# TO DO
Output all the entries word for word. Omit the pictures.

Stored data entries:
+--
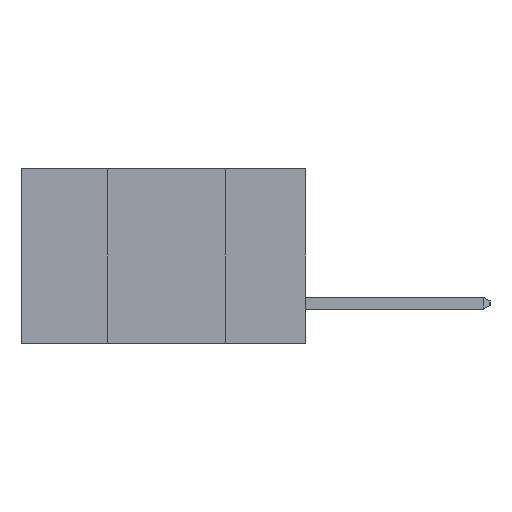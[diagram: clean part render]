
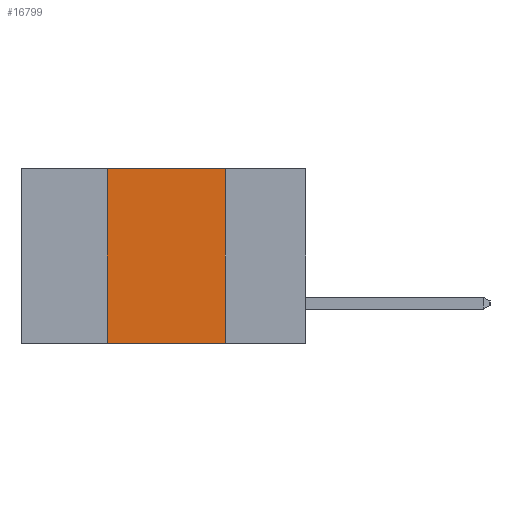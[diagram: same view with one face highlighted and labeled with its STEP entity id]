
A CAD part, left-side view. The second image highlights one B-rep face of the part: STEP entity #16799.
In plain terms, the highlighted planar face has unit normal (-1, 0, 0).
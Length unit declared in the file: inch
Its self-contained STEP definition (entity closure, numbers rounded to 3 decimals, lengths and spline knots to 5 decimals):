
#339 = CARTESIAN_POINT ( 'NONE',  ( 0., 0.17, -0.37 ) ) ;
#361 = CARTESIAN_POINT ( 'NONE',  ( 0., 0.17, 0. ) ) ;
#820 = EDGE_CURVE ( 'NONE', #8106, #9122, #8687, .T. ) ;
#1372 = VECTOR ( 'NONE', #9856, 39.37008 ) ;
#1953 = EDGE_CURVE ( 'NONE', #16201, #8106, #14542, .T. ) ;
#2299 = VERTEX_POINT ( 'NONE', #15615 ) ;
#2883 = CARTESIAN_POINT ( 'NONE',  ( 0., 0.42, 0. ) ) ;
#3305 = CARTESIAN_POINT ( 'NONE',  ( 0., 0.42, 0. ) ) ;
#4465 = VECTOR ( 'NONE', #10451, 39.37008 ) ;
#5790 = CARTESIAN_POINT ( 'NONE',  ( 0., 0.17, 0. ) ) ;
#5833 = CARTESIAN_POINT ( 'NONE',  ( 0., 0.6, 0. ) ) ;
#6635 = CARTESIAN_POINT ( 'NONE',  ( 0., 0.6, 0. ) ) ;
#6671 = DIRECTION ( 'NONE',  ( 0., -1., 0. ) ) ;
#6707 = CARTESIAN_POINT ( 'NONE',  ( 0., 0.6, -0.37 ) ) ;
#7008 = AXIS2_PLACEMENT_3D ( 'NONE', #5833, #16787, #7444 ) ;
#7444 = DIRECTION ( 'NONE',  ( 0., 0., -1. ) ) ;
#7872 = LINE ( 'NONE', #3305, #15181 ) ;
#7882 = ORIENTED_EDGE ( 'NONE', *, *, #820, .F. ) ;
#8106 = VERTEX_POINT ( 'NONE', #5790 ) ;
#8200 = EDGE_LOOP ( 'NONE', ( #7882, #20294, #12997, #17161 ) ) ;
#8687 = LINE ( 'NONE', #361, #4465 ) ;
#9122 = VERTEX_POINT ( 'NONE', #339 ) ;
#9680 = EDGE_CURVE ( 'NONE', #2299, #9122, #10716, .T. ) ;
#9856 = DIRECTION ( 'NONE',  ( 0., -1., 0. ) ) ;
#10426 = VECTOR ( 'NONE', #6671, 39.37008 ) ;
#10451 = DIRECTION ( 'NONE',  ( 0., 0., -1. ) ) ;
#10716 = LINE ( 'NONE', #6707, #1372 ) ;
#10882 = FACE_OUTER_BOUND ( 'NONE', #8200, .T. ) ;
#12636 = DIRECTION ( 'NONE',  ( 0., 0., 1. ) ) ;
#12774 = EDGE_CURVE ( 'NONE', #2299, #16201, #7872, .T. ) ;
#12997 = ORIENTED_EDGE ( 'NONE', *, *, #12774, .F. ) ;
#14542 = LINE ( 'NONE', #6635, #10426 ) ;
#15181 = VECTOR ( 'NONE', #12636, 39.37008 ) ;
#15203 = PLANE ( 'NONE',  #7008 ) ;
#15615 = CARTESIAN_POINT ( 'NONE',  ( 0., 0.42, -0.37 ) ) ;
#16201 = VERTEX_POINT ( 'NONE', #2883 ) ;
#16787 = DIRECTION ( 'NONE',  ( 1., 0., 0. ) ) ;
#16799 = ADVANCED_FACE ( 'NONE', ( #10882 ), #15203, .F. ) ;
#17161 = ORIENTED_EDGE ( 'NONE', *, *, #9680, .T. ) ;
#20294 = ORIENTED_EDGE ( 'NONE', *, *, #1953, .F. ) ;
+--
# EXERCISE OUTPUT
[diagram: clean part render]
[diagram: same view with one face highlighted and labeled with its STEP entity id]
A CAD part, left-side view. The second image highlights one B-rep face of the part: STEP entity #16799.
In plain terms, the highlighted planar face has unit normal (-1, 0, 0).
Length unit declared in the file: inch
Its self-contained STEP definition (entity closure, numbers rounded to 3 decimals, lengths and spline knots to 5 decimals):
#339 = CARTESIAN_POINT ( 'NONE',  ( 0., 0.17, -0.37 ) ) ;
#361 = CARTESIAN_POINT ( 'NONE',  ( 0., 0.17, 0. ) ) ;
#820 = EDGE_CURVE ( 'NONE', #8106, #9122, #8687, .T. ) ;
#1372 = VECTOR ( 'NONE', #9856, 39.37008 ) ;
#1953 = EDGE_CURVE ( 'NONE', #16201, #8106, #14542, .T. ) ;
#2299 = VERTEX_POINT ( 'NONE', #15615 ) ;
#2883 = CARTESIAN_POINT ( 'NONE',  ( 0., 0.42, 0. ) ) ;
#3305 = CARTESIAN_POINT ( 'NONE',  ( 0., 0.42, 0. ) ) ;
#4465 = VECTOR ( 'NONE', #10451, 39.37008 ) ;
#5790 = CARTESIAN_POINT ( 'NONE',  ( 0., 0.17, 0. ) ) ;
#5833 = CARTESIAN_POINT ( 'NONE',  ( 0., 0.6, 0. ) ) ;
#6635 = CARTESIAN_POINT ( 'NONE',  ( 0., 0.6, 0. ) ) ;
#6671 = DIRECTION ( 'NONE',  ( 0., -1., 0. ) ) ;
#6707 = CARTESIAN_POINT ( 'NONE',  ( 0., 0.6, -0.37 ) ) ;
#7008 = AXIS2_PLACEMENT_3D ( 'NONE', #5833, #16787, #7444 ) ;
#7444 = DIRECTION ( 'NONE',  ( 0., 0., -1. ) ) ;
#7872 = LINE ( 'NONE', #3305, #15181 ) ;
#7882 = ORIENTED_EDGE ( 'NONE', *, *, #820, .F. ) ;
#8106 = VERTEX_POINT ( 'NONE', #5790 ) ;
#8200 = EDGE_LOOP ( 'NONE', ( #7882, #20294, #12997, #17161 ) ) ;
#8687 = LINE ( 'NONE', #361, #4465 ) ;
#9122 = VERTEX_POINT ( 'NONE', #339 ) ;
#9680 = EDGE_CURVE ( 'NONE', #2299, #9122, #10716, .T. ) ;
#9856 = DIRECTION ( 'NONE',  ( 0., -1., 0. ) ) ;
#10426 = VECTOR ( 'NONE', #6671, 39.37008 ) ;
#10451 = DIRECTION ( 'NONE',  ( 0., 0., -1. ) ) ;
#10716 = LINE ( 'NONE', #6707, #1372 ) ;
#10882 = FACE_OUTER_BOUND ( 'NONE', #8200, .T. ) ;
#12636 = DIRECTION ( 'NONE',  ( 0., 0., 1. ) ) ;
#12774 = EDGE_CURVE ( 'NONE', #2299, #16201, #7872, .T. ) ;
#12997 = ORIENTED_EDGE ( 'NONE', *, *, #12774, .F. ) ;
#14542 = LINE ( 'NONE', #6635, #10426 ) ;
#15181 = VECTOR ( 'NONE', #12636, 39.37008 ) ;
#15203 = PLANE ( 'NONE',  #7008 ) ;
#15615 = CARTESIAN_POINT ( 'NONE',  ( 0., 0.42, -0.37 ) ) ;
#16201 = VERTEX_POINT ( 'NONE', #2883 ) ;
#16787 = DIRECTION ( 'NONE',  ( 1., 0., 0. ) ) ;
#16799 = ADVANCED_FACE ( 'NONE', ( #10882 ), #15203, .F. ) ;
#17161 = ORIENTED_EDGE ( 'NONE', *, *, #9680, .T. ) ;
#20294 = ORIENTED_EDGE ( 'NONE', *, *, #1953, .F. ) ;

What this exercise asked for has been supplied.